With the Taliban continuing to make advances in Afghanistan, growing numbers of Afghan refugees are starting to arrive in Turkey. With Turkey already hosting millions of refugees, the government's refugee policy is facing growing scrutiny.
A video purportedly showing Afghan refugees found in the luggage compartment of a bus in Turkey is one of many postings flooding Turkish social media, showing Afghan refugees being smuggled in buses and trucks from neighboring Iran.
Officials and observers believe the numbers of Afghan refugees entering Turkey are estimated at between 500 and two thousand daily – a relatively low number compared to the mass migrant movements that Turkey has seen in the past.
But Huseyin Bagci of the Foreign Policy Institute in Ankara said Turkey’s government has growing concerns that the numbers could surge if the Taliban seize power in Afghanistan.
"The Iranians make their corridors to Turkey, all the Afghan people who run away, come to Turkey. Iran does not accept them and (lets) them go to Turkey. So it's another crisis. The refugee issue will be a very important domestic issue in the coming days," said Bagci.

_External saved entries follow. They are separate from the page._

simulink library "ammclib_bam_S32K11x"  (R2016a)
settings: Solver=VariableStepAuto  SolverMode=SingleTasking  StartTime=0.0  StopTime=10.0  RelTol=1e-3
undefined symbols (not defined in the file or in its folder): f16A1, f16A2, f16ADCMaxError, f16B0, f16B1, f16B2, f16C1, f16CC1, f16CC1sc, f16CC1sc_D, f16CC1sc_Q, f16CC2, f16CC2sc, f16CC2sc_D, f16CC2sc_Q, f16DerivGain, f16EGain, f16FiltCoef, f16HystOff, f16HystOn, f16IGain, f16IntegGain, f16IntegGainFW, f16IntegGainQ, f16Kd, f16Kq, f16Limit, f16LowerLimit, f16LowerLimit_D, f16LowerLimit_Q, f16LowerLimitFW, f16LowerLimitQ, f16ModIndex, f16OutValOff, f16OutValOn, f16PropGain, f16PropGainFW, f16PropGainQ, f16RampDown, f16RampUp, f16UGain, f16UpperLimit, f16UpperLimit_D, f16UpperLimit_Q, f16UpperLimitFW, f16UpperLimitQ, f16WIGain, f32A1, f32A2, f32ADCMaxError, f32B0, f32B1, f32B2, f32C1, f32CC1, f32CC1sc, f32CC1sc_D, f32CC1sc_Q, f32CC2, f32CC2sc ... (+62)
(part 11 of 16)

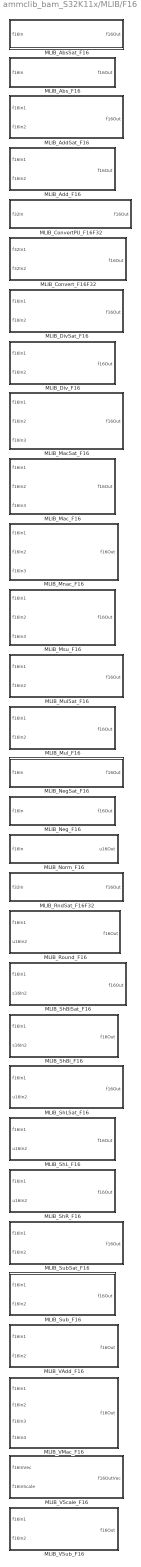
== system ammclib_bam_S32K11x/MLIB/F16 ==
  MLIB_AbsSat_F16 : Subsystem  TreatAsAtomicUnit=on  mask(MLIB_AbsSat_F16){}
      mask help: Saturated absolute value in 16-bit fixed-point fractional implementation. Refer to the AMMCLIB User's Guide for further details.
      mask init: same as ammclib_bam_S32K11x/GDFLIB/F16/GDFLIB_FilterFIR_F16
      settings: RTWSystemCode=Inline
      mask Help: web([fileparts(which('ammclib_bam_S32K11x.slx')) '/../doc/S32K11XMCLUG.pdf'], '-browser')
      mask Display: pos = get_param(gcb, 'Position');width = pos(3) - pos(1); height = pos(4) - pos(2);tX=width/2;tY=height - 8;color('black');text(tX,tY, 'MLIB_AbsSat_F16', 'horizontalAlignment', 'center');
  MLIB_Abs_F16 : Subsystem  TreatAsAtomicUnit=on  mask(MLIB_Abs_F16){}
      mask help: Unsaturated absolute value in 16-bit fixed-point fractional implementation. Refer to the AMMCLIB User's Guide for further details.
      mask init: same as ammclib_bam_S32K11x/GDFLIB/F16/GDFLIB_FilterFIR_F16
      settings: RTWSystemCode=Inline
      mask Help: web([fileparts(which('ammclib_bam_S32K11x.slx')) '/../doc/S32K11XMCLUG.pdf'], '-browser')
      mask Display: pos = get_param(gcb, 'Position');width = pos(3) - pos(1); height = pos(4) - pos(2);tX=width/2;tY=height - 8;color('black');text(tX,tY, 'MLIB_Abs_F16', 'horizontalAlignment', 'center');
  MLIB_AddSat_F16 : Subsystem  TreatAsAtomicUnit=on  mask(MLIB_AddSat_F16){}
      mask help: Saturated addition in 16-bit fixed-point fractional implementation. Refer to the AMMCLIB User's Guide for further details.
      mask init: same as ammclib_bam_S32K11x/GDFLIB/F16/GDFLIB_FilterFIR_F16
      settings: RTWSystemCode=Inline
      mask Help: web([fileparts(which('ammclib_bam_S32K11x.slx')) '/../doc/S32K11XMCLUG.pdf'], '-browser')
      mask Display: pos = get_param(gcb, 'Position');width = pos(3) - pos(1); height = pos(4) - pos(2);tX=width/2;tY=height - 8;color('black');text(tX,tY, 'MLIB_AddSat_F16', 'horizontalAlignment', 'center');
  MLIB_Add_F16 : Subsystem  TreatAsAtomicUnit=on  mask(MLIB_Add_F16){}
      mask help: Unsaturated addition in 16-bit fixed-point fractional implementation.
      mask init: same as ammclib_bam_S32K11x/GDFLIB/F16/GDFLIB_FilterFIR_F16
      settings: RTWSystemCode=Inline
      mask Help: web([fileparts(which('ammclib_bam_S32K11x.slx')) '/../doc/S32K11XMCLUG.pdf'], '-browser')
      mask Display: pos = get_param(gcb, 'Position');width = pos(3) - pos(1); height = pos(4) - pos(2);tX=width/2;tY=height - 8;color('black');text(tX,tY, 'MLIB_Add_F16', 'horizontalAlignment', 'center');
  MLIB_ConvertPU_F16F32 : Subsystem  TreatAsAtomicUnit=on  mask(MLIB_ConvertPU_F16F32){}
      mask help: Conversion of a 32-bit fixed-point fractional value to a 16-bit fixed-point fractional equivalent. Refer to the AMMCLIB User's Guide for further details.
      mask init: same as ammclib_bam_S32K11x/GDFLIB/F16/GDFLIB_FilterFIR_F16
      settings: RTWSystemCode=Inline
      mask Help: web([fileparts(which('ammclib_bam_S32K11x.slx')) '/../doc/S32K11XMCLUG.pdf'], '-browser')
      mask Display: pos = get_param(gcb, 'Position');width = pos(3) - pos(1); height = pos(4) - pos(2);tX=width/2;tY=height - 8;color('black');text(tX,tY, 'MLIB_ConvertPU_F16F32', 'horizontalAlignment', 'center');
  MLIB_Convert_F16F32 : Subsystem  TreatAsAtomicUnit=on  mask(MLIB_Convert_F16F32){}
      mask help: Scaled conversion of a 32-bit fixed-point fractional value to a 16-bit fixed-point fractional equivalent. Refer to the AMMCLIB User's Guide for further details.
      mask init: same as ammclib_bam_S32K11x/GDFLIB/F16/GDFLIB_FilterFIR_F16
      settings: RTWSystemCode=Inline
      mask Help: web([fileparts(which('ammclib_bam_S32K11x.slx')) '/../doc/S32K11XMCLUG.pdf'], '-browser')
      mask Display: pos = get_param(gcb, 'Position');width = pos(3) - pos(1); height = pos(4) - pos(2);tX=width/2;tY=height - 8;color('black');text(tX,tY, 'MLIB_Convert_F16F32', 'horizontalAlignment', 'center');
  MLIB_DivSat_F16 : Subsystem  TreatAsAtomicUnit=on  mask(MLIB_DivSat_F16){}
      mask help: Saturated division of two input values in 16-bit fixed-point fractional implementation. Refer to the AMMCLIB User's Guide for further details.
      mask init: same as ammclib_bam_S32K11x/GDFLIB/F16/GDFLIB_FilterFIR_F16
      settings: RTWSystemCode=Inline
      mask Help: web([fileparts(which('ammclib_bam_S32K11x.slx')) '/../doc/S32K11XMCLUG.pdf'], '-browser')
      mask Display: pos = get_param(gcb, 'Position');width = pos(3) - pos(1); height = pos(4) - pos(2);tX=width/2;tY=height - 8;color('black');text(tX,tY, 'MLIB_DivSat_F16', 'horizontalAlignment', 'center');
  MLIB_Div_F16 : Subsystem  TreatAsAtomicUnit=on  mask(MLIB_Div_F16){}
      mask help: Division of two input values without saturation in 16-bit fixed-point fractional implementation. Refer to the AMMCLIB User's Guide for further details.
      mask init: same as ammclib_bam_S32K11x/GDFLIB/F16/GDFLIB_FilterFIR_F16
      settings: RTWSystemCode=Inline
      mask Help: web([fileparts(which('ammclib_bam_S32K11x.slx')) '/../doc/S32K11XMCLUG.pdf'], '-browser')
      mask Display: pos = get_param(gcb, 'Position');width = pos(3) - pos(1); height = pos(4) - pos(2);tX=width/2;tY=height - 8;color('black');text(tX,tY, 'MLIB_Div_F16', 'horizontalAlignment', 'center');
  MLIB_MacSat_F16 : Subsystem  TreatAsAtomicUnit=on  mask(MLIB_MacSat_F16){}
      mask help: Saturated multiply-accumulate of input values in 16-bit fixed-point fractional implementation. Refer to the AMMCLIB User's Guide for further details.
      mask init: same as ammclib_bam_S32K11x/GDFLIB/F16/GDFLIB_FilterFIR_F16
      settings: RTWSystemCode=Inline
      mask Help: web([fileparts(which('ammclib_bam_S32K11x.slx')) '/../doc/S32K11XMCLUG.pdf'], '-browser')
      mask Display: pos = get_param(gcb, 'Position');width = pos(3) - pos(1); height = pos(4) - pos(2);tX=width/2;tY=height - 8;color('black');text(tX,tY, 'MLIB_MacSat_F16', 'horizontalAlignment', 'center');
  MLIB_Mac_F16 : Subsystem  TreatAsAtomicUnit=on  mask(MLIB_Mac_F16){}
      mask help: Unsaturated multiply-accumulate function in 16-bit fixed-point fractional implementation. Refer to the AMMCLIB User's Guide for further details.
      mask init: same as ammclib_bam_S32K11x/GDFLIB/F16/GDFLIB_FilterFIR_F16
      settings: RTWSystemCode=Inline
      mask Help: web([fileparts(which('ammclib_bam_S32K11x.slx')) '/../doc/S32K11XMCLUG.pdf'], '-browser')
      mask Display: pos = get_param(gcb, 'Position');width = pos(3) - pos(1); height = pos(4) - pos(2);tX=width/2;tY=height - 8;color('black');text(tX,tY, 'MLIB_Mac_F16', 'horizontalAlignment', 'center');
  MLIB_Mnac_F16 : Subsystem  TreatAsAtomicUnit=on  mask(MLIB_Mnac_F16){}
      mask help: Unsaturated multiply-negative-accumulate function in 16-bit fixed-point fractional implementation. Refer to the AMMCLIB User's Guide for further details.
      mask init: same as ammclib_bam_S32K11x/GDFLIB/F16/GDFLIB_FilterFIR_F16
      settings: RTWSystemCode=Inline
      mask Help: web([fileparts(which('ammclib_bam_S32K11x.slx')) '/../doc/S32K11XMCLUG.pdf'], '-browser')
      mask Display: pos = get_param(gcb, 'Position');width = pos(3) - pos(1); height = pos(4) - pos(2);tX=width/2;tY=height - 8;color('black');text(tX,tY, 'MLIB_Mnac_F16', 'horizontalAlignment', 'center');
  MLIB_Msu_F16 : Subsystem  TreatAsAtomicUnit=on  mask(MLIB_Msu_F16){}
      mask help: Unsaturated multiply-subtract-from function in 16-bit fixed-point fractional implementation. Refer to the AMMCLIB User's Guide for further details.
      mask init: same as ammclib_bam_S32K11x/GDFLIB/F16/GDFLIB_FilterFIR_F16
      settings: RTWSystemCode=Inline
      mask Help: web([fileparts(which('ammclib_bam_S32K11x.slx')) '/../doc/S32K11XMCLUG.pdf'], '-browser')
      mask Display: pos = get_param(gcb, 'Position');width = pos(3) - pos(1); height = pos(4) - pos(2);tX=width/2;tY=height - 8;color('black');text(tX,tY, 'MLIB_Msu_F16', 'horizontalAlignment', 'center');
  MLIB_MulSat_F16 : Subsystem  TreatAsAtomicUnit=on  mask(MLIB_MulSat_F16){}
      mask help: Saturated multiplication of two input values in 16-bit fixed-point fractional implementation. Refer to the AMMCLIB User's Guide for further details.
      mask init: same as ammclib_bam_S32K11x/GDFLIB/F16/GDFLIB_FilterFIR_F16
      settings: RTWSystemCode=Inline
      mask Help: web([fileparts(which('ammclib_bam_S32K11x.slx')) '/../doc/S32K11XMCLUG.pdf'], '-browser')
      mask Display: pos = get_param(gcb, 'Position');width = pos(3) - pos(1); height = pos(4) - pos(2);tX=width/2;tY=height - 8;color('black');text(tX,tY, 'MLIB_MulSat_F16', 'horizontalAlignment', 'center');
  MLIB_Mul_F16 : Subsystem  TreatAsAtomicUnit=on  mask(MLIB_Mul_F16){}
      mask help: Unsaturated multiplication of two input values in 16-bit fixed-point fractional implementation. Refer to the AMMCLIB User's Guide for further details.
      mask init: same as ammclib_bam_S32K11x/GDFLIB/F16/GDFLIB_FilterFIR_F16
      settings: RTWSystemCode=Inline
      mask Help: web([fileparts(which('ammclib_bam_S32K11x.slx')) '/../doc/S32K11XMCLUG.pdf'], '-browser')
      mask Display: pos = get_param(gcb, 'Position');width = pos(3) - pos(1); height = pos(4) - pos(2);tX=width/2;tY=height - 8;color('black');text(tX,tY, 'MLIB_Mul_F16', 'horizontalAlignment', 'center');
  MLIB_NegSat_F16 : Subsystem  TreatAsAtomicUnit=on  mask(MLIB_NegSat_F16){}
      mask help: Saturated negation in 16-bit fixed-point fractional implementation. Refer to the AMMCLIB User's Guide for further details.
      mask init: same as ammclib_bam_S32K11x/GDFLIB/F16/GDFLIB_FilterFIR_F16
      settings: RTWSystemCode=Inline
      mask Help: web([fileparts(which('ammclib_bam_S32K11x.slx')) '/../doc/S32K11XMCLUG.pdf'], '-browser')
      mask Display: pos = get_param(gcb, 'Position');width = pos(3) - pos(1); height = pos(4) - pos(2);tX=width/2;tY=height - 8;color('black');text(tX,tY, 'MLIB_NegSat_F16', 'horizontalAlignment', 'center');
  MLIB_Neg_F16 : Subsystem  TreatAsAtomicUnit=on  mask(MLIB_Neg_F16){}
      mask help: Unsaturated negation in 16-bit fixed-point fractional implementation. Refer to the AMMCLIB User's Guide for further details.
      mask init: same as ammclib_bam_S32K11x/GDFLIB/F16/GDFLIB_FilterFIR_F16
      settings: RTWSystemCode=Inline
      mask Help: web([fileparts(which('ammclib_bam_S32K11x.slx')) '/../doc/S32K11XMCLUG.pdf'], '-browser')
      mask Display: pos = get_param(gcb, 'Position');width = pos(3) - pos(1); height = pos(4) - pos(2);tX=width/2;tY=height - 8;color('black');text(tX,tY, 'MLIB_Neg_F16', 'horizontalAlignment', 'center');
  MLIB_Norm_F16 : Subsystem  TreatAsAtomicUnit=on  mask(MLIB_Norm_F16){}
      mask help: Normalization function in 16-bit fixed-point fractional implementation. The function counts the number of left shift needed for normalization of the input fractional value. Refer to the AMMCLIB User's Guide for further details.
      mask init: same as ammclib_bam_S32K11x/GDFLIB/F16/GDFLIB_FilterFIR_F16
      settings: RTWSystemCode=Inline
      mask Help: web([fileparts(which('ammclib_bam_S32K11x.slx')) '/../doc/S32K11XMCLUG.pdf'], '-browser')
      mask Display: pos = get_param(gcb, 'Position');width = pos(3) - pos(1); height = pos(4) - pos(2);tX=width/2;tY=height - 8;color('black');text(tX,tY, 'MLIB_Norm_F16', 'horizontalAlignment', 'center');
  MLIB_RndSat_F16F32 : Subsystem  TreatAsAtomicUnit=on  mask(MLIB_RndSat_F16F32){}
      mask help: Saturated round to the nearest 16-bit fractional value. Refer to the AMMCLIB User's Guide for further details.
      mask init: same as ammclib_bam_S32K11x/GDFLIB/F16/GDFLIB_FilterFIR_F16
      settings: RTWSystemCode=Inline
      mask Help: web([fileparts(which('ammclib_bam_S32K11x.slx')) '/../doc/S32K11XMCLUG.pdf'], '-browser')
      mask Display: pos = get_param(gcb, 'Position');width = pos(3) - pos(1); height = pos(4) - pos(2);tX=width/2;tY=height - 8;color('black');text(tX,tY, 'MLIB_RndSat_F16F32', 'horizontalAlignment', 'center');
  MLIB_Round_F16 : Subsystem  TreatAsAtomicUnit=on  mask(MLIB_Round_F16){}
      mask help: Rounding function in 16-bit fixed-point fractional implementation. The function rounds the first input value to the number of digits defined by second input value and saturates the result. Refer to the AMMCLIB User's Guide for further details.
      mask init: same as ammclib_bam_S32K11x/GDFLIB/F16/GDFLIB_FilterFIR_F16
      settings: RTWSystemCode=Inline
      mask Help: web([fileparts(which('ammclib_bam_S32K11x.slx')) '/../doc/S32K11XMCLUG.pdf'], '-browser')
      mask Display: pos = get_param(gcb, 'Position');width = pos(3) - pos(1); height = pos(4) - pos(2);tX=width/2;tY=height - 8;color('black');text(tX,tY, 'MLIB_Round_F16', 'horizontalAlignment', 'center');
  MLIB_ShBiSat_F16 : Subsystem  TreatAsAtomicUnit=on  mask(MLIB_ShBiSat_F16){}
      mask help: Saturated bidirectional shift in 16-bit fixed-point fractional implementation. The function shifts the first input value to the left (if the second input is negative) or right (if the second input is positive) by the amount defined by second input value, saturating the result. Refer to the AMMCLIB User's Guide for further details.
      mask init: same as ammclib_bam_S32K11x/GDFLIB/F16/GDFLIB_FilterFIR_F16
      settings: RTWSystemCode=Inline
      mask Help: web([fileparts(which('ammclib_bam_S32K11x.slx')) '/../doc/S32K11XMCLUG.pdf'], '-browser')
      mask Display: pos = get_param(gcb, 'Position');width = pos(3) - pos(1); height = pos(4) - pos(2);tX=width/2;tY=height - 8;color('black');text(tX,tY, 'MLIB_ShBiSat_F16', 'horizontalAlignment', 'center');
  MLIB_ShBi_F16 : Subsystem  TreatAsAtomicUnit=on  mask(MLIB_ShBi_F16){}
      mask help: Unsaturated bidirectional shift in 16-bit fixed-point fractional implementation. The function shifts the first input value to the left (if the second input is negative) or right (if the second input is positive) by the amount defined by second input value. Refer to the AMMCLIB User's Guide for further details.
      mask init: same as ammclib_bam_S32K11x/GDFLIB/F16/GDFLIB_FilterFIR_F16
      settings: RTWSystemCode=Inline
      mask Help: web([fileparts(which('ammclib_bam_S32K11x.slx')) '/../doc/S32K11XMCLUG.pdf'], '-browser')
      mask Display: pos = get_param(gcb, 'Position');width = pos(3) - pos(1); height = pos(4) - pos(2);tX=width/2;tY=height - 8;color('black');text(tX,tY, 'MLIB_ShBi_F16', 'horizontalAlignment', 'center');
  MLIB_ShLSat_F16 : Subsystem  TreatAsAtomicUnit=on  mask(MLIB_ShLSat_F16){}
      mask help: Saturated shift left in 16-bit fixed-point fractional implementation. The function shifts the first input value to the left by the amount defined by the second input value, saturating the result. Refer to the AMMCLIB User's Guide for further details.
      mask init: same as ammclib_bam_S32K11x/GDFLIB/F16/GDFLIB_FilterFIR_F16
      settings: RTWSystemCode=Inline
      mask Help: web([fileparts(which('ammclib_bam_S32K11x.slx')) '/../doc/S32K11XMCLUG.pdf'], '-browser')
      mask Display: pos = get_param(gcb, 'Position');width = pos(3) - pos(1); height = pos(4) - pos(2);tX=width/2;tY=height - 8;color('black');text(tX,tY, 'MLIB_ShLSat_F16', 'horizontalAlignment', 'center');
  MLIB_ShL_F16 : Subsystem  TreatAsAtomicUnit=on  mask(MLIB_ShL_F16){}
      mask help: Unsaturated shift left in 16-bit fixed-point fractional implementation. The function shifts the first input value to the left by the amount defined by the second input value. Refer to the AMMCLIB User's Guide for further details.
      mask init: same as ammclib_bam_S32K11x/GDFLIB/F16/GDFLIB_FilterFIR_F16
      settings: RTWSystemCode=Inline
      mask Help: web([fileparts(which('ammclib_bam_S32K11x.slx')) '/../doc/S32K11XMCLUG.pdf'], '-browser')
      mask Display: pos = get_param(gcb, 'Position');width = pos(3) - pos(1); height = pos(4) - pos(2);tX=width/2;tY=height - 8;color('black');text(tX,tY, 'MLIB_ShL_F16', 'horizontalAlignment', 'center');
  MLIB_ShR_F16 : Subsystem  TreatAsAtomicUnit=on  mask(MLIB_ShR_F16){}
      mask help: Unsaturated shift right in 16-bit fixed-point fractional implementation. The function shifts the first input value to the right by the amount defined by the second input value. Refer to the AMMCLIB User's Guide for further details.
      mask init: same as ammclib_bam_S32K11x/GDFLIB/F16/GDFLIB_FilterFIR_F16
      settings: RTWSystemCode=Inline
      mask Help: web([fileparts(which('ammclib_bam_S32K11x.slx')) '/../doc/S32K11XMCLUG.pdf'], '-browser')
      mask Display: pos = get_param(gcb, 'Position');width = pos(3) - pos(1); height = pos(4) - pos(2);tX=width/2;tY=height - 8;color('black');text(tX,tY, 'MLIB_ShR_F16', 'horizontalAlignment', 'center');
  MLIB_SubSat_F16 : Subsystem  TreatAsAtomicUnit=on  mask(MLIB_SubSat_F16){}
      mask help: Saturated subtraction in 16-bit fixed-point fractional implementation. Refer to the AMMCLIB User's Guide for further details.
      mask init: same as ammclib_bam_S32K11x/GDFLIB/F16/GDFLIB_FilterFIR_F16
      settings: RTWSystemCode=Inline
      mask Help: web([fileparts(which('ammclib_bam_S32K11x.slx')) '/../doc/S32K11XMCLUG.pdf'], '-browser')
      mask Display: pos = get_param(gcb, 'Position');width = pos(3) - pos(1); height = pos(4) - pos(2);tX=width/2;tY=height - 8;color('black');text(tX,tY, 'MLIB_SubSat_F16', 'horizontalAlignment', 'center');
  MLIB_Sub_F16 : Subsystem  TreatAsAtomicUnit=on  mask(MLIB_Sub_F16){}
      mask help: Unsaturated subtraction in 16-bit fixed-point fractional implementation. Refer to the AMMCLIB User's Guide for further details.
      mask init: same as ammclib_bam_S32K11x/GDFLIB/F16/GDFLIB_FilterFIR_F16
      settings: RTWSystemCode=Inline
      mask Help: web([fileparts(which('ammclib_bam_S32K11x.slx')) '/../doc/S32K11XMCLUG.pdf'], '-browser')
      mask Display: pos = get_param(gcb, 'Position');width = pos(3) - pos(1); height = pos(4) - pos(2);tX=width/2;tY=height - 8;color('black');text(tX,tY, 'MLIB_Sub_F16', 'horizontalAlignment', 'center');
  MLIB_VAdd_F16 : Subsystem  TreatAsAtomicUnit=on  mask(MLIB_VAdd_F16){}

Ankara is now extending a border wall to secure the whole of its nearly 300-kilometer frontier with Iran.
Turkey already hosts about three and a-half million Syrian refugees and at least a hundred thousand Afghans who fled previous conflicts.
Turkey has been acting as a gatekeeper for the European Union in exchange for billions of dollars in aid. The deal also gives Turkey substantial diplomatic leverage in its negotiations with the EU. But Kemal Kilicdaroglu, leader of the main opposition CHP party, is warning the government against making any new deal with the EU to host more refugees.
Kilicdaroglu said the West has seen that it can turn Turkey into what he describes as an "open prison for refugees.” He said this influx of refugees is a real survival problem for Turkey. He said the issue has two victims: the Turkish people and those he refers to as “our refugee brothers.”
Austria’s Chancellor Sebastian Kurz added fuel to the controversy, declaring this month that Turkey and other countries in the region are “definitely a better place than Austria, Germany, or Sweden,” for Afghans who are forced to flee.
Ankara has so far not announced its stance towards hosting any surge in Afghan refugees. But ministers in recent days have been extolling the virtues of hosting refugees, claiming they play a vital role in the Turkish economy.
Some disagree. Atilla Yesilada, an analyst for Global Source Partners, said the opposition leader Kilicdaroglu's efforts to block any new refugee deal will resonate in a country where many see a large influx of Afghan people as potentially destabilizing.
All previous polls show regardless of party, Turks want them to go back. So that really strikes a tone with citizens and, more importantly, with the labor that has been replaced by Afghan and Syrian refugees.
A struggling economy hit hard by the COVID pandemic and soaring inflation are already raising tensions in Turkey. Analysts say there are mounting concerns a largescale arrival of Afghan refugees could add to those tensions.